> **Supplied data**:
Segment Open

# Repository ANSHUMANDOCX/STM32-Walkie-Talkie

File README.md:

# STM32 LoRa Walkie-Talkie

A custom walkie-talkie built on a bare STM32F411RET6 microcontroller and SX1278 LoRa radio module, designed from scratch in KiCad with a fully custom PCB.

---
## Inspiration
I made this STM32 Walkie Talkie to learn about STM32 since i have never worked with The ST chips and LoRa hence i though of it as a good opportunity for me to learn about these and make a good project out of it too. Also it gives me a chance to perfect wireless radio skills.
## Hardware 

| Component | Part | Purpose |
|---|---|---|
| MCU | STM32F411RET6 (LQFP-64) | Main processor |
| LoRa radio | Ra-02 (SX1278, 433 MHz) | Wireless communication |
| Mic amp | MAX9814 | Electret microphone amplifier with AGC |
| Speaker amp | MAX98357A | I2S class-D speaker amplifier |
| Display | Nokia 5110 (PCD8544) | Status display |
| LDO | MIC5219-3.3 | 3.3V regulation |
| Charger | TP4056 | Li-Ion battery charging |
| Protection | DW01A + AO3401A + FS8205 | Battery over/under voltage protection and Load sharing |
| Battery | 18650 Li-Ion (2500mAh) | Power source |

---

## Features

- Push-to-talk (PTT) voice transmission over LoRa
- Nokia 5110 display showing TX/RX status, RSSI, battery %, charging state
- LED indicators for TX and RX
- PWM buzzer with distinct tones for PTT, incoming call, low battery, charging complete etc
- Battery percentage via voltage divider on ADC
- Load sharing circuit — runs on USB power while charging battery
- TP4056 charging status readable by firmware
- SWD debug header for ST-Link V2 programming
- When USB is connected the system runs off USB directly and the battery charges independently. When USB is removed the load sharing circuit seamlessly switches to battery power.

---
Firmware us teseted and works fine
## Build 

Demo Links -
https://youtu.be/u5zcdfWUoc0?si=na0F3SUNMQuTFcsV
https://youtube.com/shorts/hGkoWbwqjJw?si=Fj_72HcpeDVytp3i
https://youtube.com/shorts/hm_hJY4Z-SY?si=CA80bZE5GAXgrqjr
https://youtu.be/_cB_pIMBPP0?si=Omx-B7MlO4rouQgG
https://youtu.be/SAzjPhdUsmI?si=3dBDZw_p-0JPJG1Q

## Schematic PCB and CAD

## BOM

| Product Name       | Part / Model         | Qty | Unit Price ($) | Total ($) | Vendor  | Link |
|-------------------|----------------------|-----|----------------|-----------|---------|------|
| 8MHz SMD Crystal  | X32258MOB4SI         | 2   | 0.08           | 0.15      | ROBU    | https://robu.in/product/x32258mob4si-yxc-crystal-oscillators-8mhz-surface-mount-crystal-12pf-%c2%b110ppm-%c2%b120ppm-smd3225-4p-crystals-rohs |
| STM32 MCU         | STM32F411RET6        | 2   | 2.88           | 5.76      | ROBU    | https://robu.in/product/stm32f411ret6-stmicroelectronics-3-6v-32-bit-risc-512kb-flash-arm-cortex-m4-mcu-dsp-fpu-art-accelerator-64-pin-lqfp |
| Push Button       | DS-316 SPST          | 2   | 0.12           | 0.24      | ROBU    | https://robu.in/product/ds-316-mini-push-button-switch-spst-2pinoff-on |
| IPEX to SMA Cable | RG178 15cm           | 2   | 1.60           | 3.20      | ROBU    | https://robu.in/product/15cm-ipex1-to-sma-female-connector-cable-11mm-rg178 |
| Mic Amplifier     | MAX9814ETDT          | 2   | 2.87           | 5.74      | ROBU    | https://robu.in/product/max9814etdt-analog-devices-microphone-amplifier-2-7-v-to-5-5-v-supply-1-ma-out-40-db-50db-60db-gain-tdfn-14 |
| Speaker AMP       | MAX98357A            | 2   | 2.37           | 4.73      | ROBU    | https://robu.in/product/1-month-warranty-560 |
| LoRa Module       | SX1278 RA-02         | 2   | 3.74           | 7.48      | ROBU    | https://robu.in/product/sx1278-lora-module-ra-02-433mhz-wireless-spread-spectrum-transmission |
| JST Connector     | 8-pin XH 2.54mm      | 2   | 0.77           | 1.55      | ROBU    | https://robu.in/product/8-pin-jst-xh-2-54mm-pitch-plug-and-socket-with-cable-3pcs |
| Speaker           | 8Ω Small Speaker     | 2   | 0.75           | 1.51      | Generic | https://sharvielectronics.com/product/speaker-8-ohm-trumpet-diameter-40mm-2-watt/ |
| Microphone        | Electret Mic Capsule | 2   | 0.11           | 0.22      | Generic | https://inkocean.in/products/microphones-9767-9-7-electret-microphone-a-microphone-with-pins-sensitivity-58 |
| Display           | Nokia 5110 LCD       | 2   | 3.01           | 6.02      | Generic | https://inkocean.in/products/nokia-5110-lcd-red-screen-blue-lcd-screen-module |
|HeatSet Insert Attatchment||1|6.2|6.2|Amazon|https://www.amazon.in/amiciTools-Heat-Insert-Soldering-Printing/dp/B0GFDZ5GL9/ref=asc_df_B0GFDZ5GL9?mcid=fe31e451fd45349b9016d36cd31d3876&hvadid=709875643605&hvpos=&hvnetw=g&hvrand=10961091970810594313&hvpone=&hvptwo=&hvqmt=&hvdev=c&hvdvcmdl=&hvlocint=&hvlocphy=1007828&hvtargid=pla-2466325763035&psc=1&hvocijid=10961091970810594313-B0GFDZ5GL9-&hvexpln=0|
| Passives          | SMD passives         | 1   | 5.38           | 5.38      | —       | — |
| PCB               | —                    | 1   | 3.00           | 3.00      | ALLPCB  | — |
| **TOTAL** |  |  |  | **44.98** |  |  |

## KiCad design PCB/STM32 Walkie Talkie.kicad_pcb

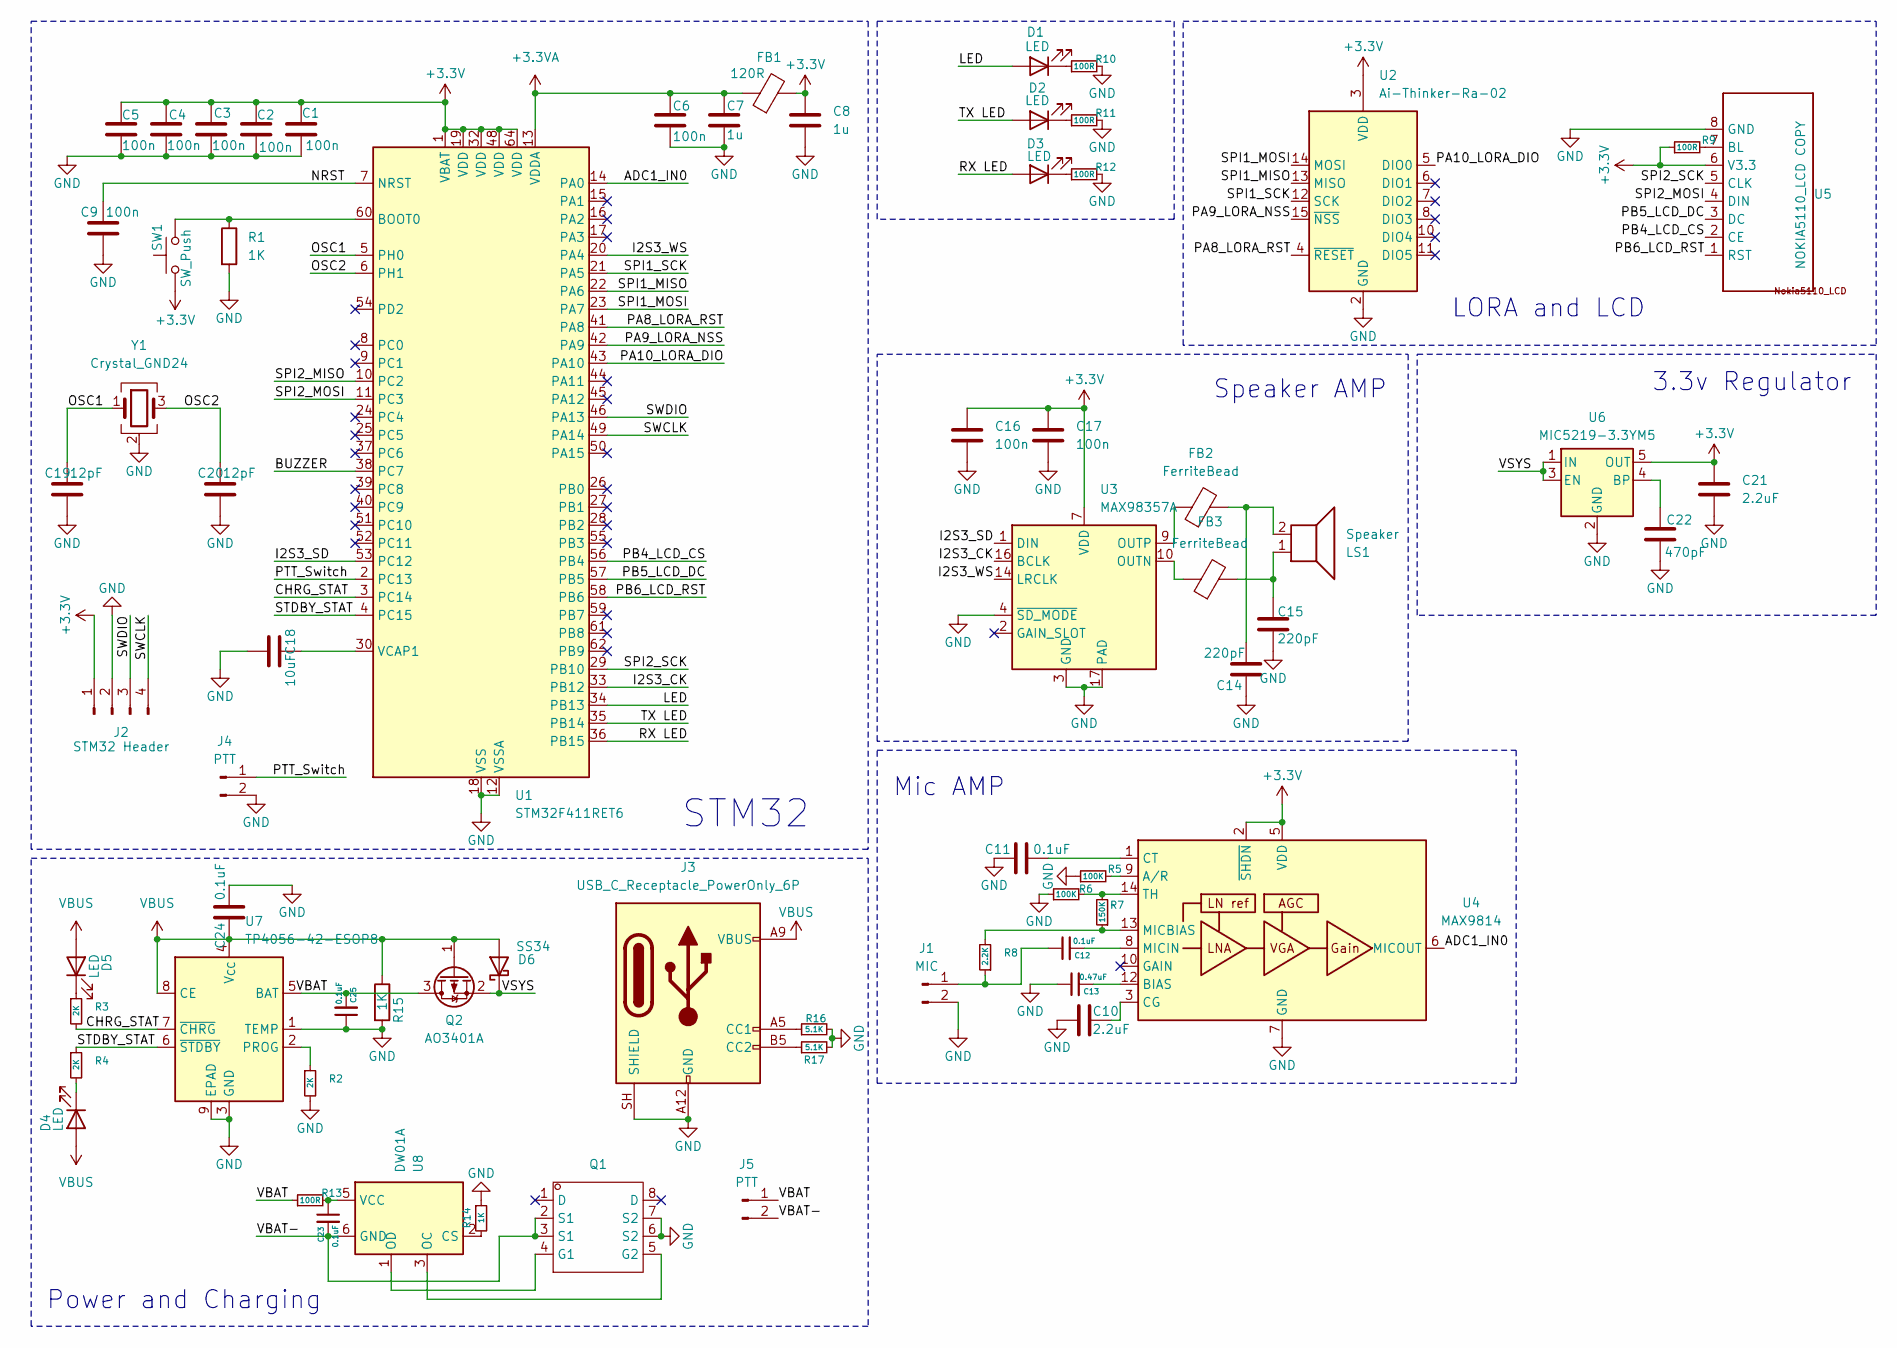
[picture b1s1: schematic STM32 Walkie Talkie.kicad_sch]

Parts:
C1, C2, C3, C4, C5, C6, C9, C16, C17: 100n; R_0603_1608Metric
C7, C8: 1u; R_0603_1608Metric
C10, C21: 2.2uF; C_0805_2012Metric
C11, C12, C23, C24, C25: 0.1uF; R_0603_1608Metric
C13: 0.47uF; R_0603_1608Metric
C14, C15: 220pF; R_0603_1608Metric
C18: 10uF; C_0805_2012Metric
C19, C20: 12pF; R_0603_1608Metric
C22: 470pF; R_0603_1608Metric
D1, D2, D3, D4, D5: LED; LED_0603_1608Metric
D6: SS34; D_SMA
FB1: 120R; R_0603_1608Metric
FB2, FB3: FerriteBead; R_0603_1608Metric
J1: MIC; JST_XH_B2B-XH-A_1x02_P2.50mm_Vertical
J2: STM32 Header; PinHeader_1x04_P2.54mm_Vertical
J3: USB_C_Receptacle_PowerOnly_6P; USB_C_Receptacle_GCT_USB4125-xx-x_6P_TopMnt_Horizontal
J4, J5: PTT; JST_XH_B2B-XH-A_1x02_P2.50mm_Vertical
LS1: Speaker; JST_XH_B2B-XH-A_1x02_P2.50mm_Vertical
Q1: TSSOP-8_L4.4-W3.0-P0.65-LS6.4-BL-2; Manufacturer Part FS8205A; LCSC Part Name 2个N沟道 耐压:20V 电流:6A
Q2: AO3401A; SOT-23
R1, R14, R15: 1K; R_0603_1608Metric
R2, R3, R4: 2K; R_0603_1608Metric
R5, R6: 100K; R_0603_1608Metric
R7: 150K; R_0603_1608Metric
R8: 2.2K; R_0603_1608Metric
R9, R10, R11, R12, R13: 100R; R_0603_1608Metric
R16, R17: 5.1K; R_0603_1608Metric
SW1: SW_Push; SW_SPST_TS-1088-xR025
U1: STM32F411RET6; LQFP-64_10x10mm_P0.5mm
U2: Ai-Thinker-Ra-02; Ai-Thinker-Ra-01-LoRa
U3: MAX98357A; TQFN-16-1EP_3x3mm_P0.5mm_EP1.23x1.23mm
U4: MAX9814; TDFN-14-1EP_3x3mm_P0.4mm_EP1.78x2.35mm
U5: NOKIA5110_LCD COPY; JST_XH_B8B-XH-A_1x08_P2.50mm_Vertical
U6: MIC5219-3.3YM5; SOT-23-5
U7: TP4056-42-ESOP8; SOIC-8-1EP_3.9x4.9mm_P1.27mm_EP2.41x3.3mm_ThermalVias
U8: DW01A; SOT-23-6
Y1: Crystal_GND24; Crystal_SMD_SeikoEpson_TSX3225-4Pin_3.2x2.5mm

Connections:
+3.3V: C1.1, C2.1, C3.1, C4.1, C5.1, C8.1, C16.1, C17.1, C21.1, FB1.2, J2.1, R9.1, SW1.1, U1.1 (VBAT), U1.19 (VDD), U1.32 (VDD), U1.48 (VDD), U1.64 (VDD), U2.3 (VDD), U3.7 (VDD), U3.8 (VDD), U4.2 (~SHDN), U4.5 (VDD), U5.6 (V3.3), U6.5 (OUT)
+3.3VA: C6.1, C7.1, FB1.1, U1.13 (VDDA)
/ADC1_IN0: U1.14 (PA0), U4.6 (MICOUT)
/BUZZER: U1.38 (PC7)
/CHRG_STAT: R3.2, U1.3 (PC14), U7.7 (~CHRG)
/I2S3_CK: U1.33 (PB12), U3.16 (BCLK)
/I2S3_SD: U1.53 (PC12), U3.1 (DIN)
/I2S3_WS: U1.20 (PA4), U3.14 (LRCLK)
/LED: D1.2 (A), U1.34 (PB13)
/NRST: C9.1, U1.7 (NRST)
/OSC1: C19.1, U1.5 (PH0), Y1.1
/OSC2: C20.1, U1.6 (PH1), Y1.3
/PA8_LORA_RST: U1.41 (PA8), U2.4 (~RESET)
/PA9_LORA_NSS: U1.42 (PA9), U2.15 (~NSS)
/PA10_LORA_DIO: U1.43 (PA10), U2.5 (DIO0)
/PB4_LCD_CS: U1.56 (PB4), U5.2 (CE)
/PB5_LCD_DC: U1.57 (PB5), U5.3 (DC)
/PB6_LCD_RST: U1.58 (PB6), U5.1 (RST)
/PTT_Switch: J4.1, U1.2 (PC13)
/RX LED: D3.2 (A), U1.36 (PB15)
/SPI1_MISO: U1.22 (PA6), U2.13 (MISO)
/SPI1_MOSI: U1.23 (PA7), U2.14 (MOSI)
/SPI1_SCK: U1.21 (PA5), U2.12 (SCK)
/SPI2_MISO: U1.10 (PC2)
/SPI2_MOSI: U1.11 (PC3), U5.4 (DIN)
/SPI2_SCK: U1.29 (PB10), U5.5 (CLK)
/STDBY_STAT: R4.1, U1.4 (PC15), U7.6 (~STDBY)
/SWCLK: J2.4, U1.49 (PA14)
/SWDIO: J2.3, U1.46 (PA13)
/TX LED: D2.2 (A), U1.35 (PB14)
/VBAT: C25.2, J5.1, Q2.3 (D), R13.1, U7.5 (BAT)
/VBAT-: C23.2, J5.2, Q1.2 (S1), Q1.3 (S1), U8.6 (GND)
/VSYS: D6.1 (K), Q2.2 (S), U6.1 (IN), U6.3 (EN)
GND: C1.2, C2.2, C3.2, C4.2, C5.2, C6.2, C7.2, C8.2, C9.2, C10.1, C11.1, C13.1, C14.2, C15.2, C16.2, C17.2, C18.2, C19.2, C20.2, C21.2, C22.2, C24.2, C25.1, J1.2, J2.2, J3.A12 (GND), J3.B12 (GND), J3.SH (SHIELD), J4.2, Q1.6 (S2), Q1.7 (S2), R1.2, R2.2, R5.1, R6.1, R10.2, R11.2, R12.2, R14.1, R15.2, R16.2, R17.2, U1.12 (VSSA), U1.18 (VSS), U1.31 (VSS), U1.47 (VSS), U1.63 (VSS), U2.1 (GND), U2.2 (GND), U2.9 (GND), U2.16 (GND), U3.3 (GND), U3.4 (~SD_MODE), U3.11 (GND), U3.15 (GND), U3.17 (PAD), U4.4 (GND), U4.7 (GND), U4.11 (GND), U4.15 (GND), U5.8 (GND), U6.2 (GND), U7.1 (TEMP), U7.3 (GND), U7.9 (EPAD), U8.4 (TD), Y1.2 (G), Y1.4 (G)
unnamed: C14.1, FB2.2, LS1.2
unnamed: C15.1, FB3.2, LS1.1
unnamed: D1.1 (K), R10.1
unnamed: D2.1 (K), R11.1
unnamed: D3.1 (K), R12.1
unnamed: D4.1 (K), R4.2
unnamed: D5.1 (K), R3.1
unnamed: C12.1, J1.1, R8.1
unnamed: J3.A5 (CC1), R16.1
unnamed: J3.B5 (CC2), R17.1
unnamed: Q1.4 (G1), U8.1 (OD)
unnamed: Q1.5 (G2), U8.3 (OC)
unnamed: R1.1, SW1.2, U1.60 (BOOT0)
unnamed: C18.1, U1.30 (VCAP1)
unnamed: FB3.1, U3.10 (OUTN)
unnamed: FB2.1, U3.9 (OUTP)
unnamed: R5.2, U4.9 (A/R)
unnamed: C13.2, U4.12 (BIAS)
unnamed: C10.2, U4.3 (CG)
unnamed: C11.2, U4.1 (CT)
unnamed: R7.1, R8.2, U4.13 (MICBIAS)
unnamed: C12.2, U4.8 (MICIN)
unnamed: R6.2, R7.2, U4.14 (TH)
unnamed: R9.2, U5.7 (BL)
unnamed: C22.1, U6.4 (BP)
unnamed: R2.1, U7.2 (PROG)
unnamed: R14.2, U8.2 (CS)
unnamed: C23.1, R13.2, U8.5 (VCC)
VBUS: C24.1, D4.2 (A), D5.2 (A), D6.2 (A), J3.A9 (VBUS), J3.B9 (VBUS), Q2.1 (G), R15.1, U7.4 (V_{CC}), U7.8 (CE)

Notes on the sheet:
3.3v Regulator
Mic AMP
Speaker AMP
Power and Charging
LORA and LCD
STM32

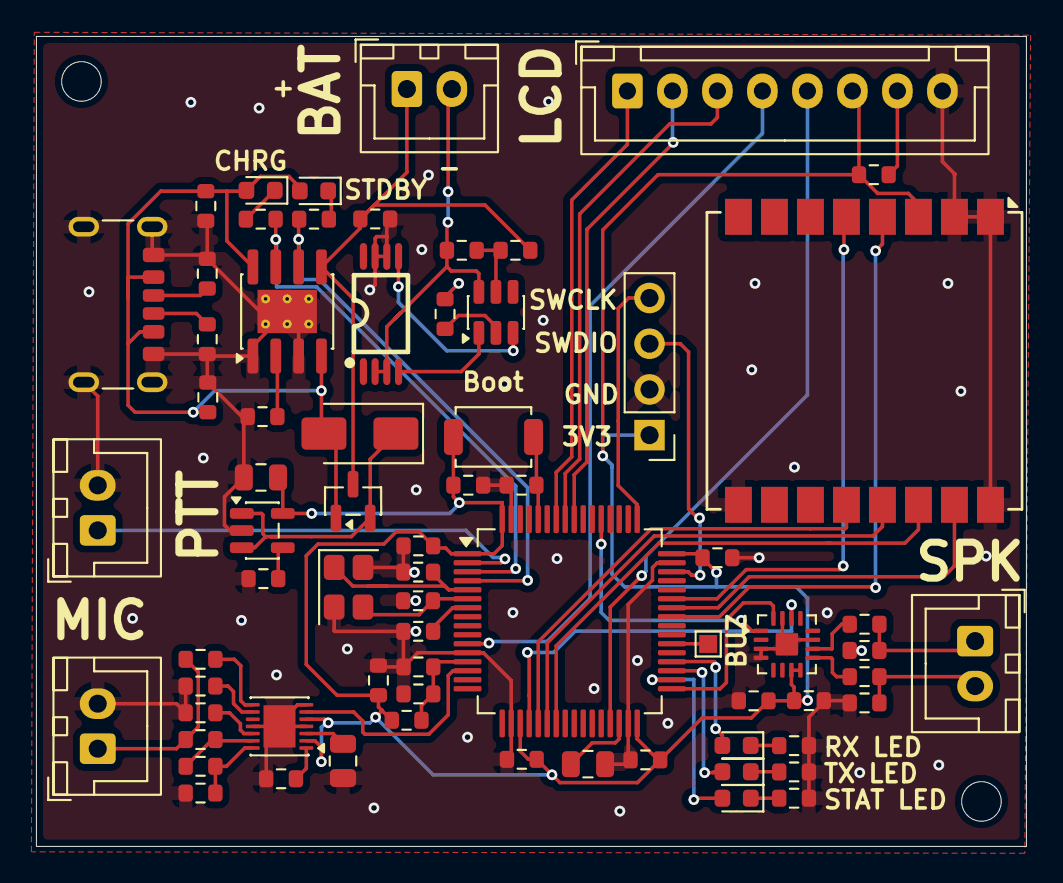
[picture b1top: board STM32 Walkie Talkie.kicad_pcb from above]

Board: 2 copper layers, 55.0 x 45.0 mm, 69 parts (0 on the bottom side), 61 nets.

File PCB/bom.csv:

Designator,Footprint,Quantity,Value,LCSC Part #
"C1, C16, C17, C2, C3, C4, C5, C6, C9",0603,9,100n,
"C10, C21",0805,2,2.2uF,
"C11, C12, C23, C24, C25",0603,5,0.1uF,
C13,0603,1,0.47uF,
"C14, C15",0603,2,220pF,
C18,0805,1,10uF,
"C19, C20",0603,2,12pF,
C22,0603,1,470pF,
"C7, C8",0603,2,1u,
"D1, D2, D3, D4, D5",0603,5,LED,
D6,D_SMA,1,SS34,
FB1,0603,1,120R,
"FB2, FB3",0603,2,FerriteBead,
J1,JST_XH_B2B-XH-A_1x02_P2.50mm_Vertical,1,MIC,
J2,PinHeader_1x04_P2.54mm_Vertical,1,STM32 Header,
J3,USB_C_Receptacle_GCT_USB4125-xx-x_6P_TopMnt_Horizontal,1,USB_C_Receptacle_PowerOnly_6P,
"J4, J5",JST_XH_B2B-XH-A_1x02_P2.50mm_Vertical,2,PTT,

Segment Closed

> **The task**: Would you copy out exactly the lines above that start at the one containing "FB1: 120R; R_0603_1608Metric" and end at the one containing "U1.6 (PH1), Y1.3", inclusive?

> **Task solution**:
FB1: 120R; R_0603_1608Metric
FB2, FB3: FerriteBead; R_0603_1608Metric
J1: MIC; JST_XH_B2B-XH-A_1x02_P2.50mm_Vertical
J2: STM32 Header; PinHeader_1x04_P2.54mm_Vertical
J3: USB_C_Receptacle_PowerOnly_6P; USB_C_Receptacle_GCT_USB4125-xx-x_6P_TopMnt_Horizontal
J4, J5: PTT; JST_XH_B2B-XH-A_1x02_P2.50mm_Vertical
LS1: Speaker; JST_XH_B2B-XH-A_1x02_P2.50mm_Vertical
Q1: TSSOP-8_L4.4-W3.0-P0.65-LS6.4-BL-2; Manufacturer Part FS8205A; LCSC Part Name 2个N沟道 耐压:20V 电流:6A
Q2: AO3401A; SOT-23
R1, R14, R15: 1K; R_0603_1608Metric
R2, R3, R4: 2K; R_0603_1608Metric
R5, R6: 100K; R_0603_1608Metric
R7: 150K; R_0603_1608Metric
R8: 2.2K; R_0603_1608Metric
R9, R10, R11, R12, R13: 100R; R_0603_1608Metric
R16, R17: 5.1K; R_0603_1608Metric
SW1: SW_Push; SW_SPST_TS-1088-xR025
U1: STM32F411RET6; LQFP-64_10x10mm_P0.5mm
U2: Ai-Thinker-Ra-02; Ai-Thinker-Ra-01-LoRa
U3: MAX98357A; TQFN-16-1EP_3x3mm_P0.5mm_EP1.23x1.23mm
U4: MAX9814; TDFN-14-1EP_3x3mm_P0.4mm_EP1.78x2.35mm
U5: NOKIA5110_LCD COPY; JST_XH_B8B-XH-A_1x08_P2.50mm_Vertical
U6: MIC5219-3.3YM5; SOT-23-5
U7: TP4056-42-ESOP8; SOIC-8-1EP_3.9x4.9mm_P1.27mm_EP2.41x3.3mm_ThermalVias
U8: DW01A; SOT-23-6
Y1: Crystal_GND24; Crystal_SMD_SeikoEpson_TSX3225-4Pin_3.2x2.5mm

Connections:
+3.3V: C1.1, C2.1, C3.1, C4.1, C5.1, C8.1, C16.1, C17.1, C21.1, FB1.2, J2.1, R9.1, SW1.1, U1.1 (VBAT), U1.19 (VDD), U1.32 (VDD), U1.48 (VDD), U1.64 (VDD), U2.3 (VDD), U3.7 (VDD), U3.8 (VDD), U4.2 (~SHDN), U4.5 (VDD), U5.6 (V3.3), U6.5 (OUT)
+3.3VA: C6.1, C7.1, FB1.1, U1.13 (VDDA)
/ADC1_IN0: U1.14 (PA0), U4.6 (MICOUT)
/BUZZER: U1.38 (PC7)
/CHRG_STAT: R3.2, U1.3 (PC14), U7.7 (~CHRG)
/I2S3_CK: U1.33 (PB12), U3.16 (BCLK)
/I2S3_SD: U1.53 (PC12), U3.1 (DIN)
/I2S3_WS: U1.20 (PA4), U3.14 (LRCLK)
/LED: D1.2 (A), U1.34 (PB13)
/NRST: C9.1, U1.7 (NRST)
/OSC1: C19.1, U1.5 (PH0), Y1.1
/OSC2: C20.1, U1.6 (PH1), Y1.3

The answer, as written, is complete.